## [What you have to do]
Every line from the first one in the data below through the line holding "MATLAB Function : MATLAB" is to be written out exactly, with the pictures omitted.

## [Source records]

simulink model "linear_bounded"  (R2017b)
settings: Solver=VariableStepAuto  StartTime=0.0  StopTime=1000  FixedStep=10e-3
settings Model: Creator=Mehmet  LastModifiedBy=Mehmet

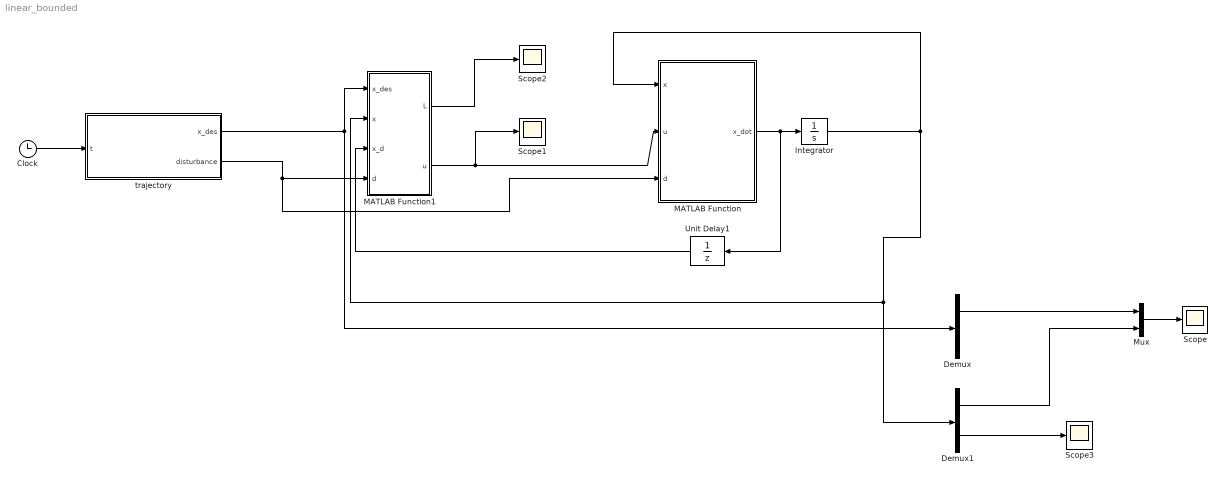
== system linear_bounded ==
  Clock : Clock
  Demux : Demux  Outputs=2
  Demux1 : Demux  Outputs=2
  Integrator : Integrator  InitialCondition=[1;-1]
  MATLAB Function : MATLAB Function  TreatAsAtomicUnit=on
  MATLAB Function1 : MATLAB Function  TreatAsAtomicUnit=on
  Mux : Mux  Inputs=2
  Scope{,1..3} (4 alike) : Scope
  Unit Delay1 : UnitDelay  SampleTime=-1
  trajectory : MATLAB Function  TreatAsAtomicUnit=on
  wires:
  Clock/1 -> trajectory/1(t)
  trajectory/1(x_des) -> MATLAB Function1/1(x_des), Demux/1
  Mux/1 -> Scope/1
  MATLAB Function/1(x_dot) -> Unit Delay1/1, Integrator/1
  Integrator/1 -> Demux1/1, MATLAB Function1/2(x), MATLAB Function/1(x)
  Unit Delay1/1 -> MATLAB Function1/3(x_d)
  trajectory/2(disturbance) -> MATLAB Function1/4(d), MATLAB Function/3(d)
  MATLAB Function1/2(u) -> Scope1/1, MATLAB Function/2(u)
  MATLAB Function1/1(L) -> Scope2/1
  Demux/1 -> Mux/1
  Demux1/1 -> Mux/2
  Demux1/2 -> Scope3/1

== matlab function linear_bounded/MATLAB Function1 ==
  data: L output; x_des input; u output; x input; x_d input; d input
function [L,u]= fcn(x_des,x,x_d,d)

K = 1;
Kp = 10;

e = (x_des(1) - x(1));
e_d = x_des(2) - x_d(1);

% u = x(2)*sin(x(1)) - K*x(2);

u = K*x(2)*(sin(x(1)) + e*x_des(1) - e^2) - K/x(2)*(e*x_des(2) + 10*x_des(1)*e);

L = 1/2*(e^2 + x(2)^2);

end

== matlab function linear_bounded/MATLAB Function ==
  data: x input; u input; x_dot output; d input
function x_dot = fcn(x,u,d)

q = zeros(2,1);

q(1) = x(1)*x(2) - 10*x(1);
q(2) = -x(1)^2*x(2) - x(2)*sin(x(1)) + u(1);

x_dot = q;

end

== matlab function linear_bounded/trajectory ==
  data: t input; x_des output; disturbance output
function [x_des,disturbance]= fcn(t)

A = 2;
B = 1;
f = 1;
w = 2*pi*f;

y = A*sin(w*t);
y_d = A*w*cos(w*t);

y = 5;
y_d = 0;


x_des = [y y_d]';

disturbance = B*cos(w*t)+1;
d = 0;
end
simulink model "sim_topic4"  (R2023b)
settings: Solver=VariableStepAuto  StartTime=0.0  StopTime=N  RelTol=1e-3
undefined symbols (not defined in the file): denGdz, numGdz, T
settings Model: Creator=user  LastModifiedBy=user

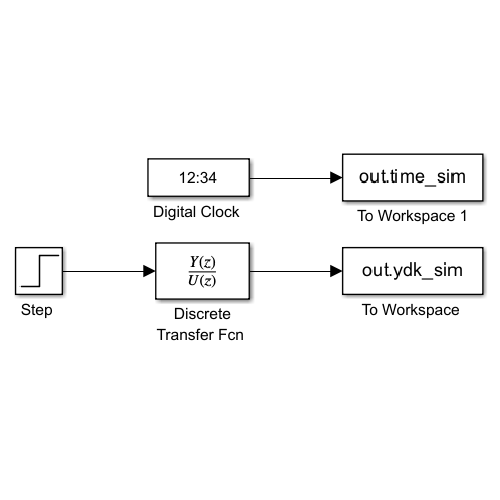
[thumbnail: Simulink's stored preview of the top-level diagram]
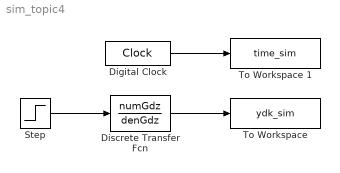
== system sim_topic4 ==
  "Digital Clock " : DigitalClock  SampleTime=T
  "Discrete Transfer Fcn " : DiscreteTransferFcn  Numerator=numGdz  Denominator=denGdz
  "Step " : Step  Time=0  SampleTime=T
  "To Workspace " : ToWorkspace  VariableName=ydk_sim  SampleTime=-1
  To Workspace 1 : ToWorkspace  VariableName=time_sim  SampleTime=-1
  wires:
  "Step "/1 -> "Discrete Transfer Fcn "/1
  "Discrete Transfer Fcn "/1 -> "To Workspace "/1
  "Digital Clock "/1 -> To Workspace 1/1

## [Exercise solution]
simulink model "linear_bounded"  (R2017b)
settings: Solver=VariableStepAuto  StartTime=0.0  StopTime=1000  FixedStep=10e-3
settings Model: Creator=Mehmet  LastModifiedBy=Mehmet

== system linear_bounded ==
  Clock : Clock
  Demux : Demux  Outputs=2
  Demux1 : Demux  Outputs=2
  Integrator : Integrator  InitialCondition=[1;-1]
  MATLAB Function : MATLAB Function  TreatAsAtomicUnit=on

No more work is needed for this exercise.